Copy the new hdfs-site.xml and core-site.xml file to masternode1, datanode1, datanode2 and datanode3.

Step 5:

As we are already using the namenode masternode and its clusterID was already generated (some cryptic id CID-d971e1b9-318c-44c7-90b2-374075f335f9 generated automatically when we formated the existing namenode masternode).
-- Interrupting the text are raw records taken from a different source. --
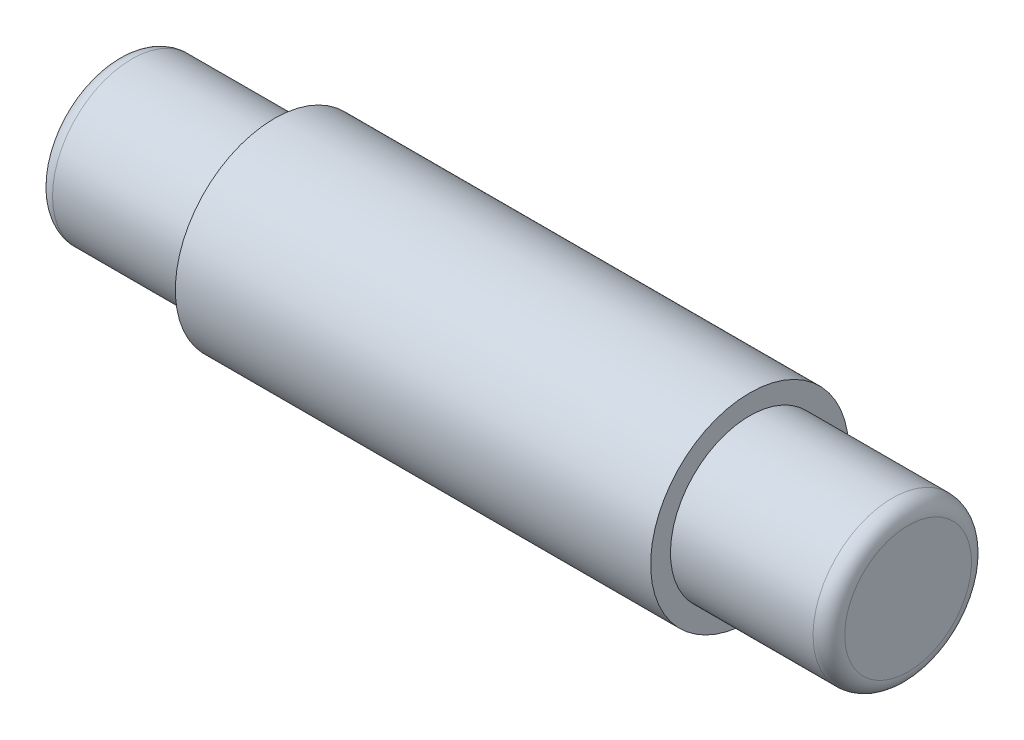
ISO-10303-21;
HEADER;
FILE_DESCRIPTION(('STEP AP214'),'2;1');
FILE_NAME('part.step','',(''),(''),'','','');
FILE_SCHEMA(('AUTOMOTIVE_DESIGN { 1 0 10303 214 1 1 1 1 }'));
ENDSEC;
DATA;
#1=APPLICATION_CONTEXT('core data for automotive mechanical design processes');
#2=APPLICATION_PROTOCOL_DEFINITION('international standard','automotive_design',2000,#1);
#3=PRODUCT_CONTEXT('',#1,'mechanical');
#4=PRODUCT('Part','Part','',(#3));
#5=PRODUCT_RELATED_PRODUCT_CATEGORY('part','',(#4));
#6=PRODUCT_DEFINITION_FORMATION('','',#4);
#7=PRODUCT_DEFINITION_CONTEXT('part definition',#1,'design');
#8=PRODUCT_DEFINITION('design','',#6,#7);
#9=PRODUCT_DEFINITION_SHAPE('','',#8);
#10=(LENGTH_UNIT() NAMED_UNIT(*) SI_UNIT(.MILLI.,.METRE.));
#11=(NAMED_UNIT(*) PLANE_ANGLE_UNIT() SI_UNIT($,.RADIAN.));
#12=(NAMED_UNIT(*) SI_UNIT($,.STERADIAN.) SOLID_ANGLE_UNIT());
#13=UNCERTAINTY_MEASURE_WITH_UNIT(LENGTH_MEASURE(1.E-05),#10,'distance_accuracy_value','');
#14=(GEOMETRIC_REPRESENTATION_CONTEXT(3) GLOBAL_UNCERTAINTY_ASSIGNED_CONTEXT((#13)) GLOBAL_UNIT_ASSIGNED_CONTEXT((#10,
#11,#12)) REPRESENTATION_CONTEXT('',''));
#15=CARTESIAN_POINT('',(0.,0.,0.));
#16=DIRECTION('',(0.,0.,1.));
#17=DIRECTION('',(1.,0.,0.));
#18=AXIS2_PLACEMENT_3D('',#15,#16,#17);
#19=CARTESIAN_POINT('',(-63.5,12.7,0.));
#20=DIRECTION('',(1.,0.,0.));
#21=DIRECTION('',(0.,1.,0.));
#22=AXIS2_PLACEMENT_3D('',#19,#20,#21);
#23=PLANE('',#22);
#24=CARTESIAN_POINT('',(-63.5,0.,0.));
#25=DIRECTION('',(1.,0.,0.));
#26=DIRECTION('',(0.,1.,0.));
#27=AXIS2_PLACEMENT_3D('',#24,#25,#26);
#28=CIRCLE('',#27,10.16);
#29=CARTESIAN_POINT('',(-63.5,10.16,0.));
#30=VERTEX_POINT('',#29);
#31=EDGE_CURVE('E55',#30,#30,#28,.F.);
#32=ORIENTED_EDGE('',*,*,#31,.T.);
#33=EDGE_LOOP('',(#32));
#34=FACE_BOUND('',#33,.T.);
#35=ADVANCED_FACE('F37',(#34),#23,.F.);
#36=CARTESIAN_POINT('',(63.5,0.,0.));
#37=DIRECTION('',(-1.,0.,0.));
#38=DIRECTION('',(0.,-1.,0.));
#39=AXIS2_PLACEMENT_3D('',#36,#37,#38);
#40=PLANE('',#39);
#41=CARTESIAN_POINT('',(63.5,0.,0.));
#42=DIRECTION('',(-1.,0.,0.));
#43=DIRECTION('',(0.,-1.,0.));
#44=AXIS2_PLACEMENT_3D('',#41,#42,#43);
#45=CIRCLE('',#44,10.16);
#46=CARTESIAN_POINT('',(63.5,-10.16,0.));
#47=VERTEX_POINT('',#46);
#48=EDGE_CURVE('E10',#47,#47,#45,.F.);
#49=ORIENTED_EDGE('',*,*,#48,.T.);
#50=EDGE_LOOP('',(#49));
#51=FACE_BOUND('',#50,.T.);
#52=ADVANCED_FACE('F100',(#51),#40,.F.);
#53=CARTESIAN_POINT('',(-63.5,0.,0.));
#54=DIRECTION('',(-1.,0.,0.));
#55=DIRECTION('',(0.,-1.,0.));
#56=AXIS2_PLACEMENT_3D('',#53,#54,#55);
#57=CYLINDRICAL_SURFACE('',#56,12.7);
#58=CARTESIAN_POINT('',(60.96,0.,0.));
#59=DIRECTION('',(-1.,0.,0.));
#60=DIRECTION('',(0.,-1.,0.));
#61=AXIS2_PLACEMENT_3D('',#58,#59,#60);
#62=CIRCLE('',#61,12.7);
#63=CARTESIAN_POINT('',(60.96,-12.7,0.));
#64=VERTEX_POINT('',#63);
#65=EDGE_CURVE('E45',#64,#64,#62,.T.);
#66=ORIENTED_EDGE('',*,*,#65,.T.);
#67=EDGE_LOOP('',(#66));
#68=FACE_BOUND('',#67,.T.);
#69=CARTESIAN_POINT('',(38.1,0.,0.));
#70=DIRECTION('',(-1.,0.,0.));
#71=DIRECTION('',(0.,-1.,0.));
#72=AXIS2_PLACEMENT_3D('',#69,#70,#71);
#73=CIRCLE('',#72,12.7);
#74=CARTESIAN_POINT('',(38.1,-12.7,0.));
#75=VERTEX_POINT('',#74);
#76=EDGE_CURVE('E61',#75,#75,#73,.T.);
#77=ORIENTED_EDGE('',*,*,#76,.F.);
#78=EDGE_LOOP('',(#77));
#79=FACE_BOUND('',#78,.T.);
#80=ADVANCED_FACE('F95',(#68,#79),#57,.T.);
#81=CARTESIAN_POINT('',(38.1,12.7,0.));
#82=DIRECTION('',(-1.,0.,0.));
#83=DIRECTION('',(0.,-1.,0.));
#84=AXIS2_PLACEMENT_3D('',#81,#82,#83);
#85=PLANE('',#84);
#86=CARTESIAN_POINT('',(38.1,0.,0.));
#87=DIRECTION('',(-1.,0.,0.));
#88=DIRECTION('',(0.,-1.,0.));
#89=AXIS2_PLACEMENT_3D('',#86,#87,#88);
#90=CIRCLE('',#89,15.875);
#91=CARTESIAN_POINT('',(38.1,-15.875,0.));
#92=VERTEX_POINT('',#91);
#93=EDGE_CURVE('E65',#92,#92,#90,.T.);
#94=ORIENTED_EDGE('',*,*,#93,.F.);
#95=EDGE_LOOP('',(#94));
#96=FACE_BOUND('',#95,.T.);
#97=ORIENTED_EDGE('',*,*,#76,.T.);
#98=EDGE_LOOP('',(#97));
#99=FACE_BOUND('',#98,.T.);
#100=ADVANCED_FACE('F89',(#96,#99),#85,.F.);
#101=CARTESIAN_POINT('',(-63.5,0.,0.));
#102=DIRECTION('',(-1.,0.,0.));
#103=DIRECTION('',(0.,-1.,0.));
#104=AXIS2_PLACEMENT_3D('',#101,#102,#103);
#105=CYLINDRICAL_SURFACE('',#104,15.875);
#106=CARTESIAN_POINT('',(-38.1,0.,0.));
#107=DIRECTION('',(-1.,0.,0.));
#108=DIRECTION('',(0.,-1.,0.));
#109=AXIS2_PLACEMENT_3D('',#106,#107,#108);
#110=CIRCLE('',#109,15.875);
#111=CARTESIAN_POINT('',(-38.1,-15.875,0.));
#112=VERTEX_POINT('',#111);
#113=EDGE_CURVE('E69',#112,#112,#110,.T.);
#114=ORIENTED_EDGE('',*,*,#113,.F.);
#115=EDGE_LOOP('',(#114));
#116=FACE_BOUND('',#115,.T.);
#117=ORIENTED_EDGE('',*,*,#93,.T.);
#118=EDGE_LOOP('',(#117));
#119=FACE_BOUND('',#118,.T.);
#120=ADVANCED_FACE('F83',(#116,#119),#105,.T.);
#121=CARTESIAN_POINT('',(-38.1,15.875,0.));
#122=DIRECTION('',(1.,0.,0.));
#123=DIRECTION('',(0.,1.,0.));
#124=AXIS2_PLACEMENT_3D('',#121,#122,#123);
#125=PLANE('',#124);
#126=CARTESIAN_POINT('',(-38.1,0.,0.));
#127=DIRECTION('',(-1.,0.,0.));
#128=DIRECTION('',(0.,-1.,0.));
#129=AXIS2_PLACEMENT_3D('',#126,#127,#128);
#130=CIRCLE('',#129,12.7);
#131=CARTESIAN_POINT('',(-38.1,-12.7,0.));
#132=VERTEX_POINT('',#131);
#133=EDGE_CURVE('E73',#132,#132,#130,.T.);
#134=ORIENTED_EDGE('',*,*,#133,.F.);
#135=EDGE_LOOP('',(#134));
#136=FACE_BOUND('',#135,.T.);
#137=ORIENTED_EDGE('',*,*,#113,.T.);
#138=EDGE_LOOP('',(#137));
#139=FACE_BOUND('',#138,.T.);
#140=ADVANCED_FACE('F80',(#136,#139),#125,.F.);
#141=CARTESIAN_POINT('',(-63.5,0.,0.));
#142=DIRECTION('',(-1.,0.,0.));
#143=DIRECTION('',(0.,-1.,0.));
#144=AXIS2_PLACEMENT_3D('',#141,#142,#143);
#145=CYLINDRICAL_SURFACE('',#144,12.7);
#146=CARTESIAN_POINT('',(-60.96,0.,0.));
#147=DIRECTION('',(1.,0.,0.));
#148=DIRECTION('',(0.,1.,0.));
#149=AXIS2_PLACEMENT_3D('',#146,#147,#148);
#150=CIRCLE('',#149,12.7);
#151=CARTESIAN_POINT('',(-60.96,12.7,0.));
#152=VERTEX_POINT('',#151);
#153=EDGE_CURVE('E50',#152,#152,#150,.T.);
#154=ORIENTED_EDGE('',*,*,#153,.T.);
#155=EDGE_LOOP('',(#154));
#156=FACE_BOUND('',#155,.T.);
#157=ORIENTED_EDGE('',*,*,#133,.T.);
#158=EDGE_LOOP('',(#157));
#159=FACE_BOUND('',#158,.T.);
#160=ADVANCED_FACE('F78',(#156,#159),#145,.T.);
#161=CARTESIAN_POINT('',(-60.96,0.,0.));
#162=DIRECTION('',(1.,0.,0.));
#163=DIRECTION('',(0.,1.,0.));
#164=AXIS2_PLACEMENT_3D('',#161,#162,#163);
#165=TOROIDAL_SURFACE('',#164,10.16,2.54);
#166=ORIENTED_EDGE('',*,*,#153,.F.);
#167=EDGE_LOOP('',(#166));
#168=FACE_BOUND('',#167,.T.);
#169=ORIENTED_EDGE('',*,*,#31,.F.);
#170=EDGE_LOOP('',(#169));
#171=FACE_BOUND('',#170,.T.);
#172=ADVANCED_FACE('F111',(#168,#171),#165,.T.);
#173=CARTESIAN_POINT('',(60.96,0.,0.));
#174=DIRECTION('',(-1.,0.,0.));
#175=DIRECTION('',(0.,-1.,0.));
#176=AXIS2_PLACEMENT_3D('',#173,#174,#175);
#177=TOROIDAL_SURFACE('',#176,10.16,2.54);
#178=ORIENTED_EDGE('',*,*,#48,.F.);
#179=EDGE_LOOP('',(#178));
#180=FACE_BOUND('',#179,.T.);
#181=ORIENTED_EDGE('',*,*,#65,.F.);
#182=EDGE_LOOP('',(#181));
#183=FACE_BOUND('',#182,.T.);
#184=ADVANCED_FACE('F39',(#180,#183),#177,.T.);
#185=CLOSED_SHELL('',(#35,#52,#80,#100,#120,#140,#160,#172,#184));
#186=MANIFOLD_SOLID_BREP('B2',#185);
#187=ADVANCED_BREP_SHAPE_REPRESENTATION('',(#18,#186),#14);
#188=SHAPE_DEFINITION_REPRESENTATION(#9,#187);
ENDSEC;
END-ISO-10303-21;

I searched a lot for changing the clusterID but most of the resources said that I have to format the namenode to generate the new clusterID of my choice, which was not possible for our case as it will destroy the exsting namenode data.
So I copied the exisitng clusterID of masternode and going to use the same clusterID in the new namenode masternode1 so that it will be the part of the same cluster.

Step 6:

Format the new namenode masternode1, give the same clusterID as masternode
hadoop@masternode1:~$ hdfs namenode -format -clusterID CID-d971e1b9-318c-44c7-90b2-374075f335f9
image
Start the new namenode masternode1

Step 7:

Reload the configuration files of all the three datanodes.
hadoop@datanode1:~$ hdfs dfsadmin -refreshNamenodes datanode1:50020
hadoop@datanode2:~$ hdfs dfsadmin -refreshNamenodes datanode2:50020
hadoop@datanode3:~$ hdfs dfsadmin -refreshNamenodes datanode3:50020

Step 8:

Create the folders for /sales and /analytics mapping
$ hdfs dfs -mkdir hdfs://masternode:8020/sales
$ hdfs dfs -mkdir hdfs://masternode1:8020/analytics



All done, for testing I will copy two files in the two directories that we setup:
$ hdfs dfs -put Centers2015.csv /analytics
$ hdfs dfs -put zookeeper-3.4.6.tar.gz /sales

Each namenode has two URLs:
1) http://masternode:50070/dfshealth.html :  View of the namespace managed by this namenode.

image
2) http://masternode:50070/dfsclusterhealth.jsp : Aggregated cluster view which includes all the namenodes of the cluster.
image

Using the above links, we can check whether our files are in correct namespace Smile.